> [Exercise] Starting with the line containing "for points in" and going on through the line containing "blk.add_point(p, dxfattribs=at)", return the lines of the data below exactly, and only those.

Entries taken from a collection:

'''

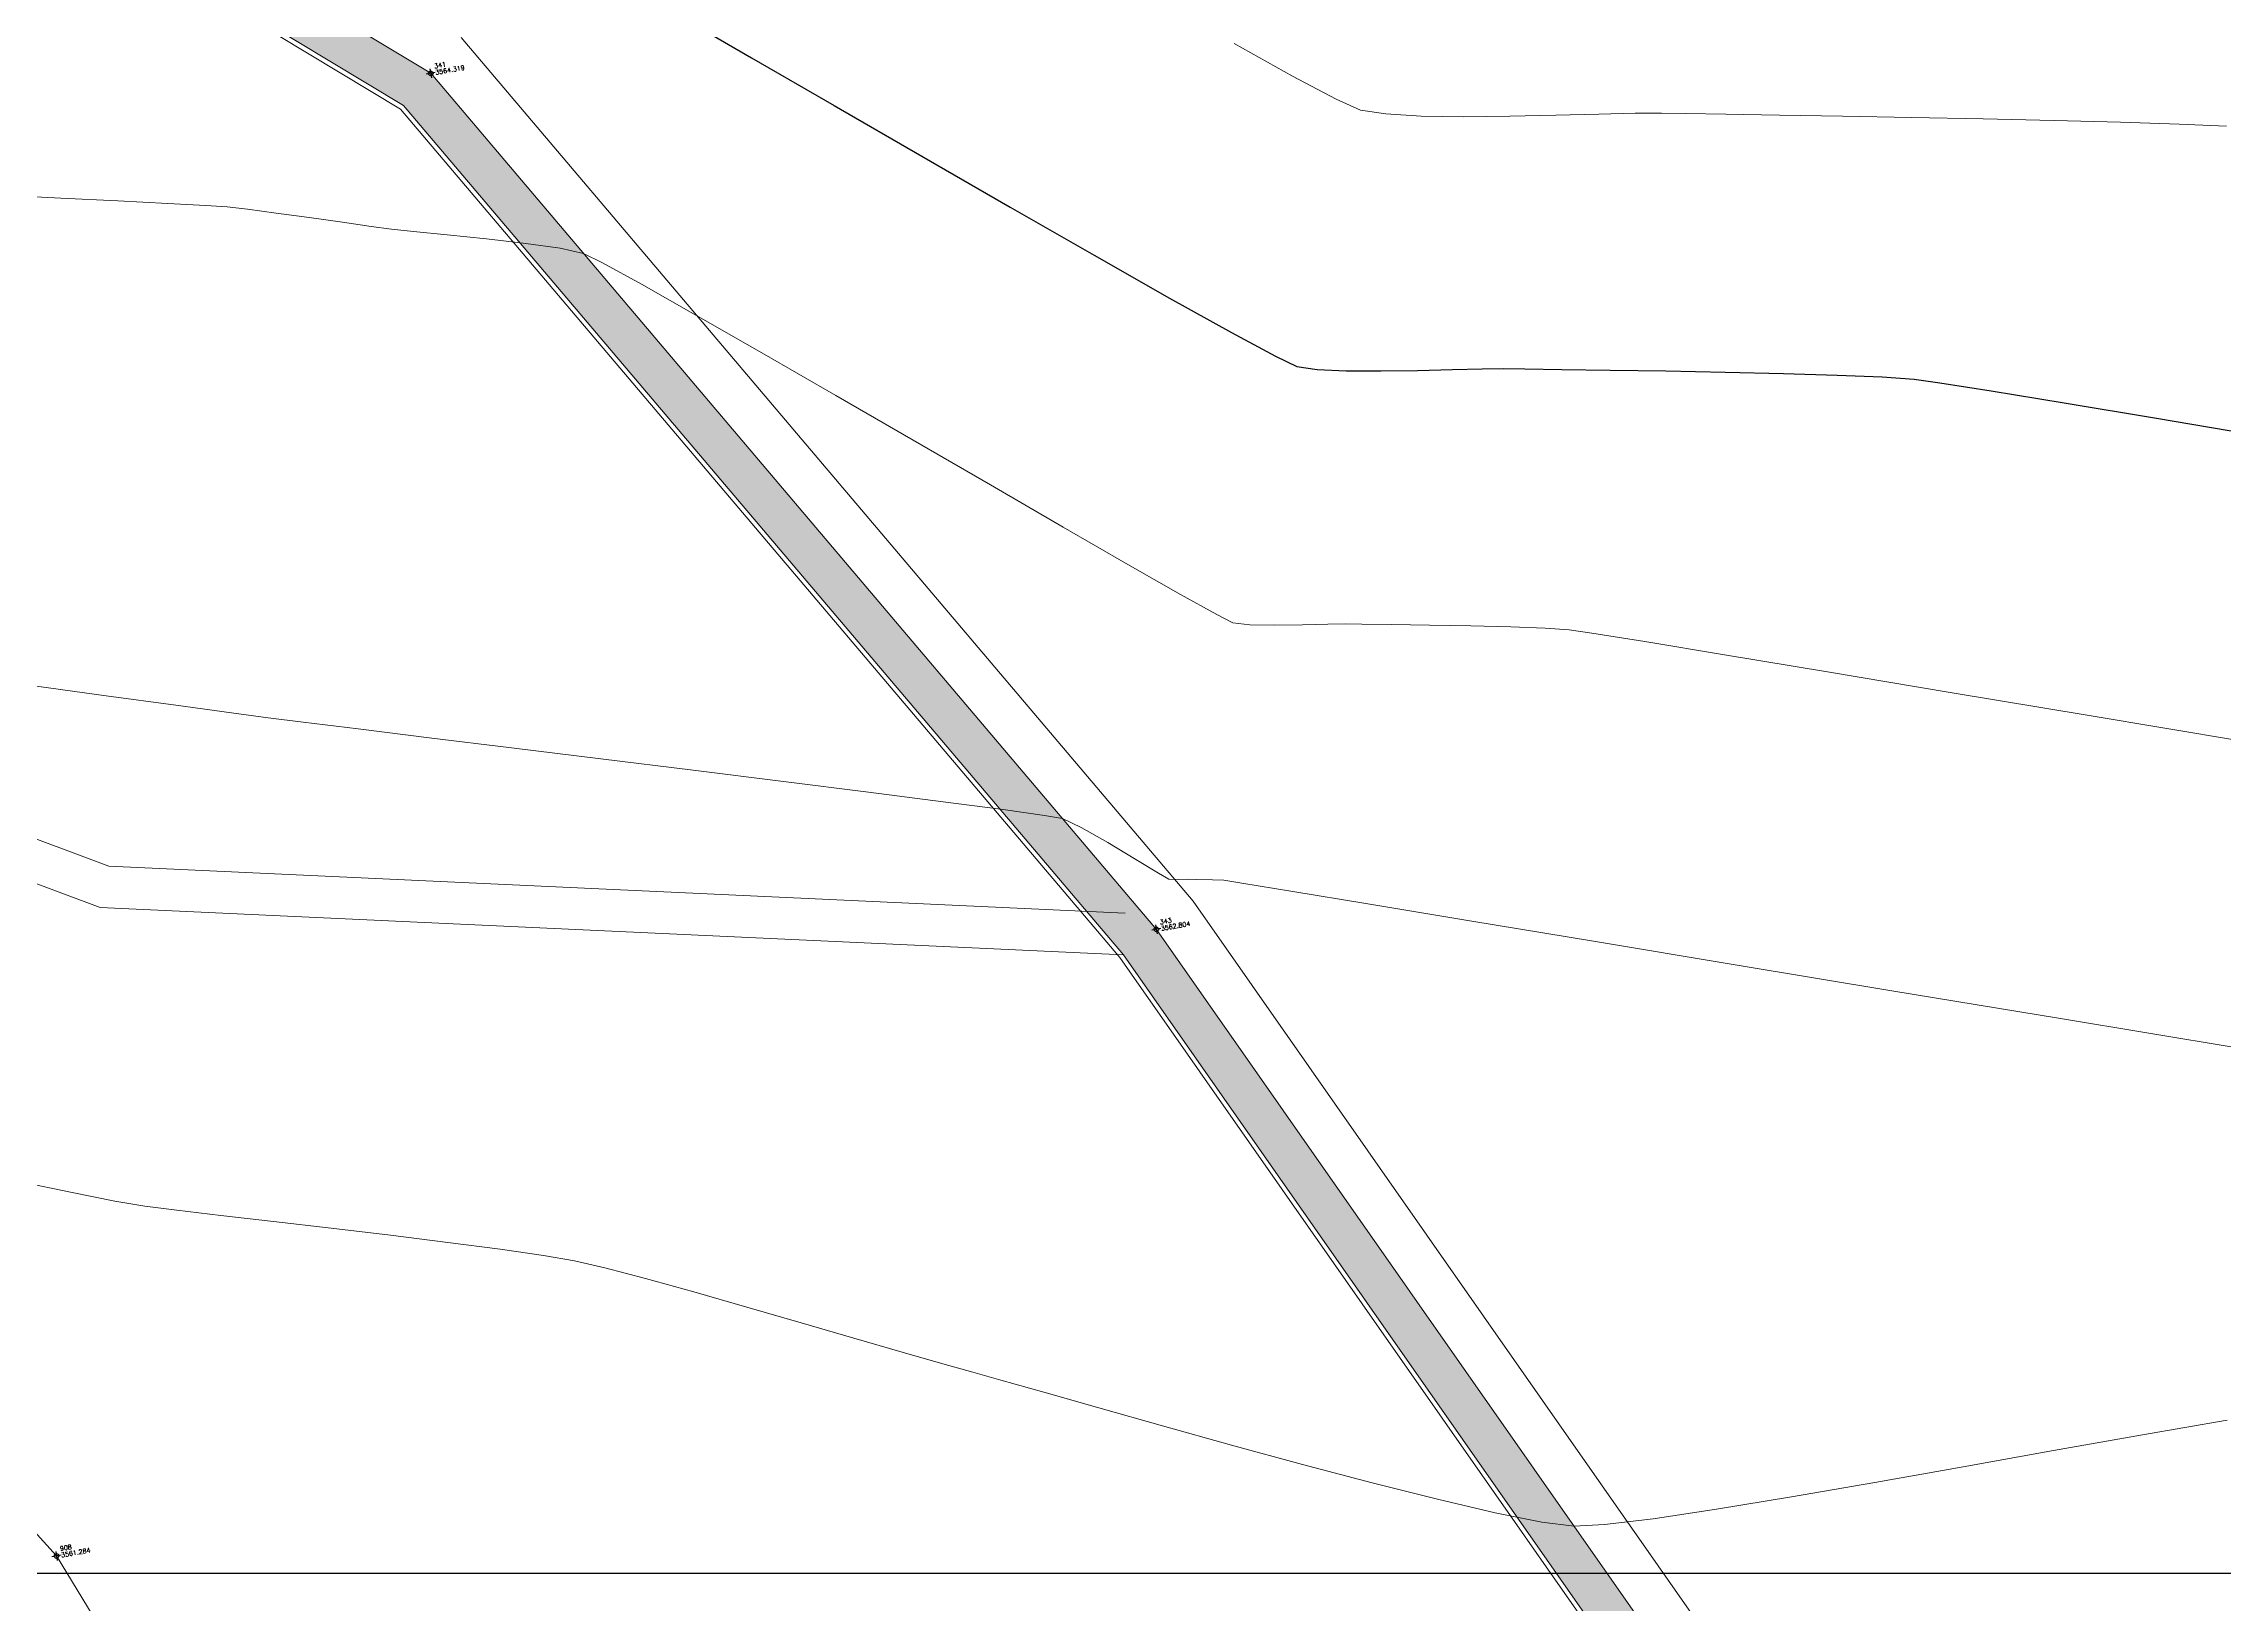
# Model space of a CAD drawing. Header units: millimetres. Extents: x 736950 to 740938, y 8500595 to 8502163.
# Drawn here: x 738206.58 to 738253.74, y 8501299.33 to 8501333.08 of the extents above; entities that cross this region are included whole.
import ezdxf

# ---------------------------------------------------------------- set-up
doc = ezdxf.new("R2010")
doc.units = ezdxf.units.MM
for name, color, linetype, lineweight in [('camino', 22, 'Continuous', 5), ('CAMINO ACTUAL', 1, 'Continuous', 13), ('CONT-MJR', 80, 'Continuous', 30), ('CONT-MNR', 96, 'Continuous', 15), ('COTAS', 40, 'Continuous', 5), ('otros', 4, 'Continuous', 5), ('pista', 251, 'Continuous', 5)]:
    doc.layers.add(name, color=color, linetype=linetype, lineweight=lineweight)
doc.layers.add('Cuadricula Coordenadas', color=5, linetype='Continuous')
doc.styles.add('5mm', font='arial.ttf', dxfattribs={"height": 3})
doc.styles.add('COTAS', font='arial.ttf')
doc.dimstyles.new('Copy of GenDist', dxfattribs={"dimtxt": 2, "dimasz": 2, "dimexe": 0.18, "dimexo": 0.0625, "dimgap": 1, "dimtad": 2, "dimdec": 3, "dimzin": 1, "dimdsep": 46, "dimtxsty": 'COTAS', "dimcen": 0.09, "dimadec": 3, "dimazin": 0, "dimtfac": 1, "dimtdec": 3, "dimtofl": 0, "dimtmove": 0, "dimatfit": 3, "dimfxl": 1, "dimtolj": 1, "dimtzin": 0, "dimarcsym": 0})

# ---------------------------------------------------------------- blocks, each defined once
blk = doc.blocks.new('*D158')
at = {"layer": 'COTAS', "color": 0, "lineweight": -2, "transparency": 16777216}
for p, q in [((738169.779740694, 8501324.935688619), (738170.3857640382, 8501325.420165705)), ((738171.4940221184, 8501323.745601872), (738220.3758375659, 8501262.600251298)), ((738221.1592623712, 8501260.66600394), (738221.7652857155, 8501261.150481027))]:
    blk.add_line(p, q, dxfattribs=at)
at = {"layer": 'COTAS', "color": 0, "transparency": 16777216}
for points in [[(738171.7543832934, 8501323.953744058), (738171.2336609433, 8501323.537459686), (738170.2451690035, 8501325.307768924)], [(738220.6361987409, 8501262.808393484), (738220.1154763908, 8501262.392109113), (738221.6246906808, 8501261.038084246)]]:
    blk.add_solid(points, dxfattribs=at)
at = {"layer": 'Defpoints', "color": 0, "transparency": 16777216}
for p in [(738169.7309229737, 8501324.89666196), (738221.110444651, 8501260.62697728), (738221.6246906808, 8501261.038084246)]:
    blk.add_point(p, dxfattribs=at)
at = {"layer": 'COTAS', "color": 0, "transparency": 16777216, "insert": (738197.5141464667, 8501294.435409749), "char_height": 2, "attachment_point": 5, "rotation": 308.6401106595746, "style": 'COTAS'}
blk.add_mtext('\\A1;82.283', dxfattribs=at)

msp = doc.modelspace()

'''

> [Response to this task]
for points in [[(738171.7543832934, 8501323.953744058), (738171.2336609433, 8501323.537459686), (738170.2451690035, 8501325.307768924)], [(738220.6361987409, 8501262.808393484), (738220.1154763908, 8501262.392109113), (738221.6246906808, 8501261.038084246)]]:
    blk.add_solid(points, dxfattribs=at)
at = {"layer": 'Defpoints', "color": 0, "transparency": 16777216}
for p in [(738169.7309229737, 8501324.89666196), (738221.110444651, 8501260.62697728), (738221.6246906808, 8501261.038084246)]:
    blk.add_point(p, dxfattribs=at)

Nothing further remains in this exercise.